A fatigue life prediction method distinguishing fracture modes for Ni-based single crystal superalloys considering porosity defect

Abstract Microporosity is one of the most common defects in nickel base single crystal (N-SC) superalloys, which is a great threat to fatigue performance. In this paper, nine porosity-related fatigue damage parameters for N-SC superalloys were selected by referring to those parameters originally proposed for casting and 3D printing metal materials as well as the critical plane damage parameters commonly used in N-SC superalloys. According to the plastic constitutive model of single crystals, a crystal plastic finite element (CPFE) model was established to evaluate these different fatigue damage parameters, and the parameters of CPFE were calibrated by the low cycle fatigue (LCF) hysteresis loop obtained from the fatigue test. The evaluation results showed that the geometric mean of stress–strain concentration factor (GCF) k g was a satisfactory parameter to quantify the effect of porosity defects on fatigue.
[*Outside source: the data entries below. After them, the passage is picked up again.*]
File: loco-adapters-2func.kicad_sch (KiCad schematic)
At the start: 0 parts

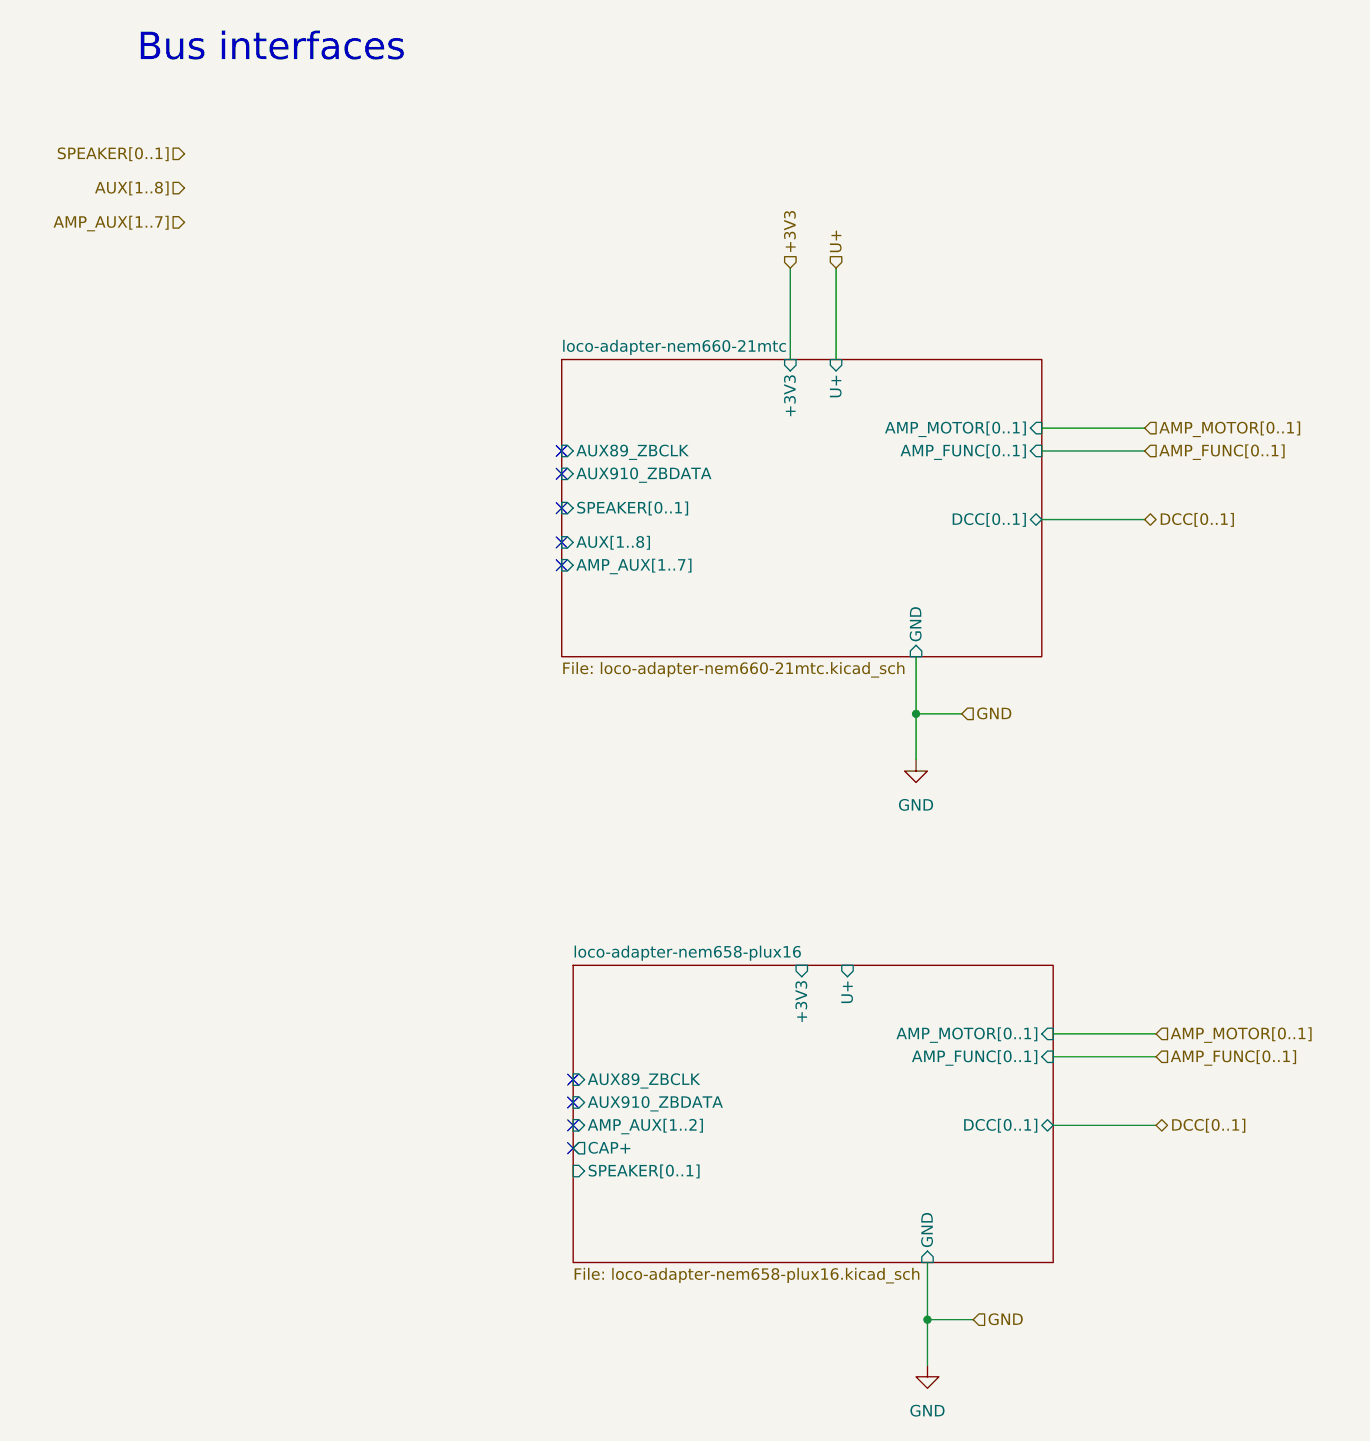
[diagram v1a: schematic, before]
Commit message: Fix - ERC errors
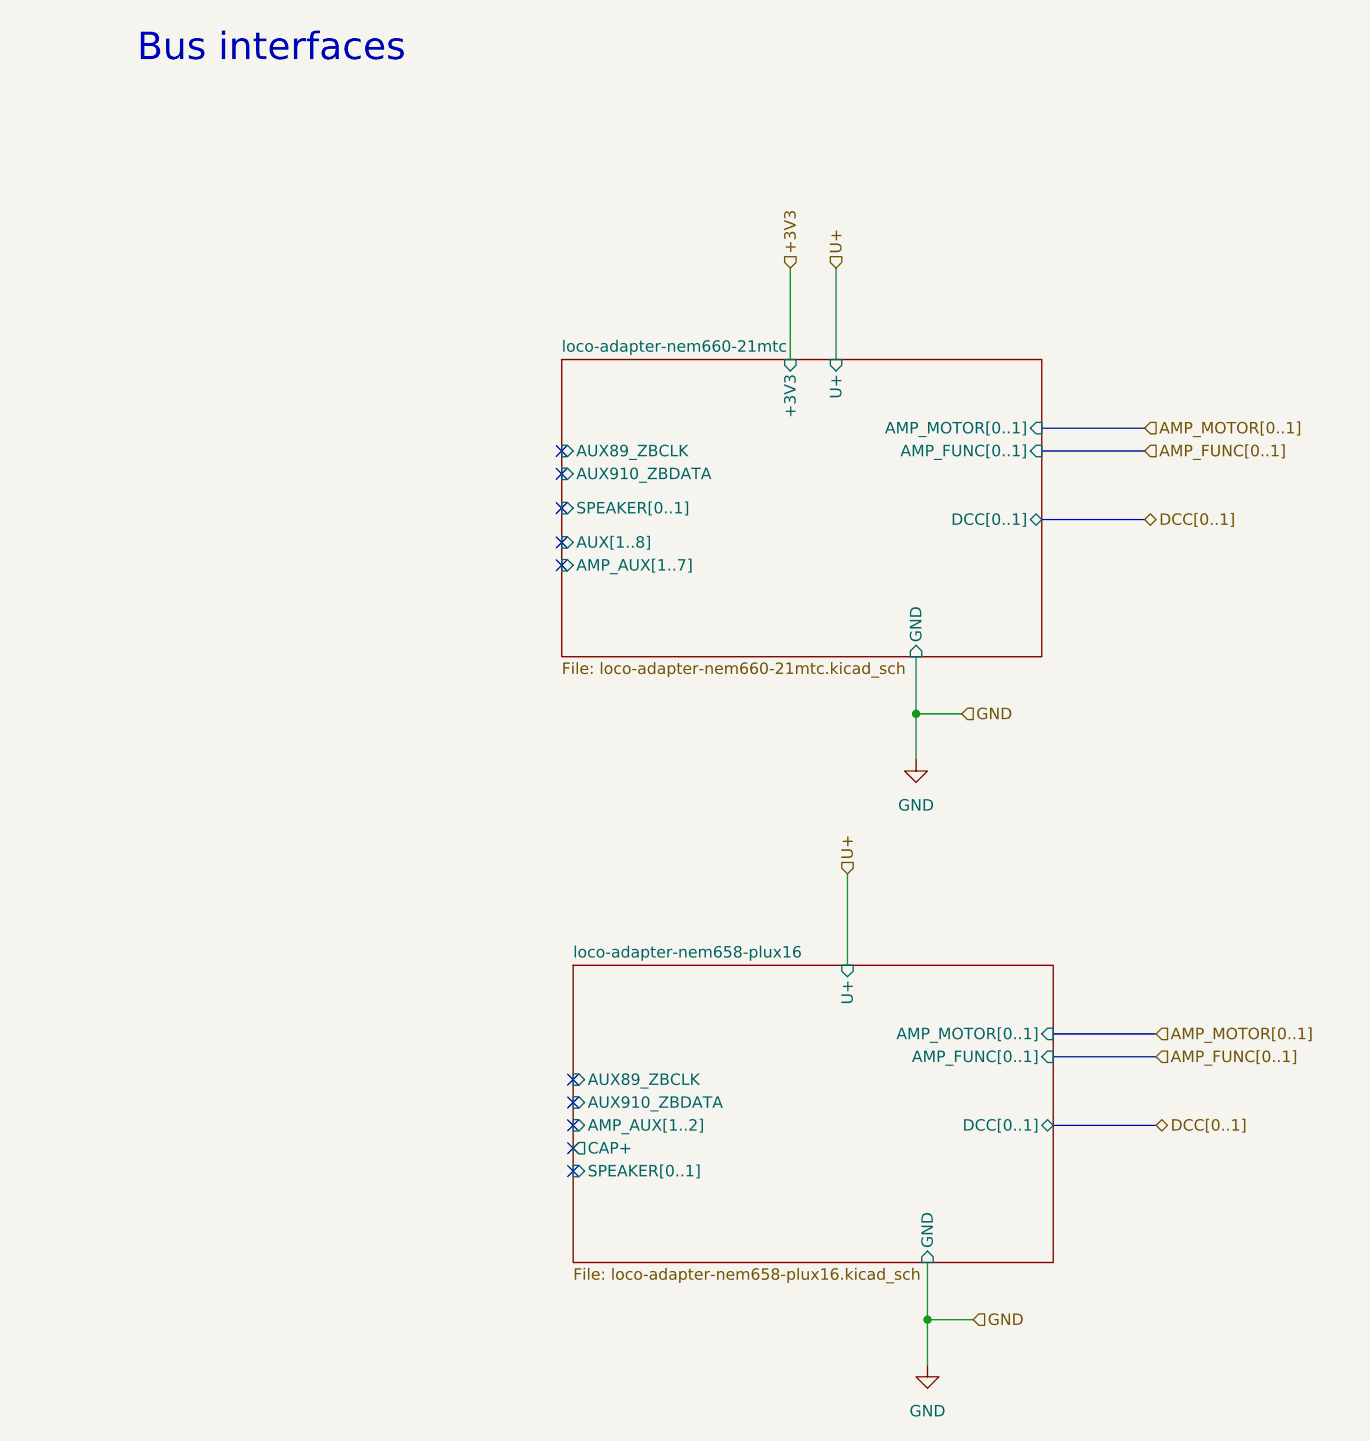
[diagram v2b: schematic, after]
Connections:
- no-connect marks 9 -> 10
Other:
- sheet loco-adapter-nem658-plux16 ports: added none; removed +3V3
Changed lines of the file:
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@@
+	)
+	(no_connect
+		(at 91.44 148.59)
 	)
 	(no_connect
@@
 		)
 	)
-	(wire
-		(pts
-			(xy 156.21 135.89) (xy 144.78 135.89)
+	(bus
+		(pts
+			(xy 144.78 133.35) (xy 156.21 133.35)
+		)
+		(stroke
+			(width 0)
+			(type default)
+		)
+	)
+	(bus
+		(pts
+			(xy 143.51 66.04) (xy 154.94 66.04)
+		)
+		(stroke
+			(width 0)
+			(type default)
+		)
+	)
+	(bus
+		(pts
+			(xy 143.51 76.2) (xy 154.94 76.2)
 		)
 		(stroke
@@
 		)
 	)
-	(wire
-		(pts
-			(xy 154.94 66.04) (xy 143.51 66.04)
+	(bus
+		(pts
+			(xy 144.78 135.89) (xy 156.21 135.89)
 		)
 		(stroke
@@
 	(wire
 		(pts
-			(xy 156.21 143.51) (xy 144.78 143.51)
-		)
-		(stroke
-			(width 0)
-			(type default)
-		)
-	)
-	(wire
-		(pts
-			(xy 154.94 68.58) (xy 143.51 68.58)
+			(xy 121.92 115.57) (xy 121.92 125.73)
 		)
 		(stroke
@@
 		)
 	)
-	(wire
-		(pts
-			(xy 154.94 76.2) (xy 143.51 76.2)
+	(bus
+		(pts
+			(xy 143.51 68.58) (xy 154.94 68.58)
 		)
 		(stroke
@@
 		)
 	)
-	(wire
-		(pts
-			(xy 156.21 133.35) (xy 144.78 133.35)
+	(bus
+		(pts
+			(xy 144.78 143.51) (xy 156.21 143.51)
 		)
 		(stroke
@@
 		)
 	)
+	(hierarchical_label "U+"
+		(shape input)
+		(at 121.92 115.57 90)
+		(effects
+			(font
+				(size 1.27 1.27)
+			)
+			(justify left)
+		)
+	)
 	(hierarchical_label "AMP_MOTOR[0..1]"
 		(shape input)
@@
 		)
 	)
-	(hierarchical_label "SPEAKER[0..1]"
-		(shape input)
-		(at 48.26 35.56 180)
-		(effects
-			(font
-				(size 1.27 1.27)
-			)
-			(justify right)
-		)
-	)
 	(hierarchical_label "AMP_FUNC[0..1]"
 		(shape input)
@@
 			)
 			(justify left)
-		)
-	)
-	(hierarchical_label "AMP_AUX[1..7]"
-		(shape input)
-		(at 48.26 43.18 180)
-		(effects
-			(font
-				(size 1.27 1.27)
-			)
-			(justify right)
 		)
 	)
@@
 			)
 			(justify left)
-		)
-	)
-	(hierarchical_label "AUX[1..8]"
-		(shape input)
-		(at 48.26 39.37 180)
-		(effects
-			(font
-				(size 1.27 1.27)
-			)
-			(justify right)
 		)
 	)
@@
 			)
 		)
-		(pin "+3V3" input
-			(at 116.84 125.73 90)
-			(effects
-				(font
-					(size 1.27 1.27)
-				)
-				(justify right)
-			)
-		)

Inspired by the discovery and considering the slip systems characteristics of N-SC superalloys, the geometric mean of resolved stress–strain concentration factor (GRCF) k rg on slip systems was proposed, and it was found that the max ( k rg , k g ) could be used to predict the fracture modes of N-SC superalloys. Based on the max ( k rg , k g ) , a porosity-related fatigue life prediction method which can distinguish the fracture modes was put forward. The prediction results showed that the fracture mode prediction results were consistent with the test results, and the life prediction results were also improved compared with the GCF parameter.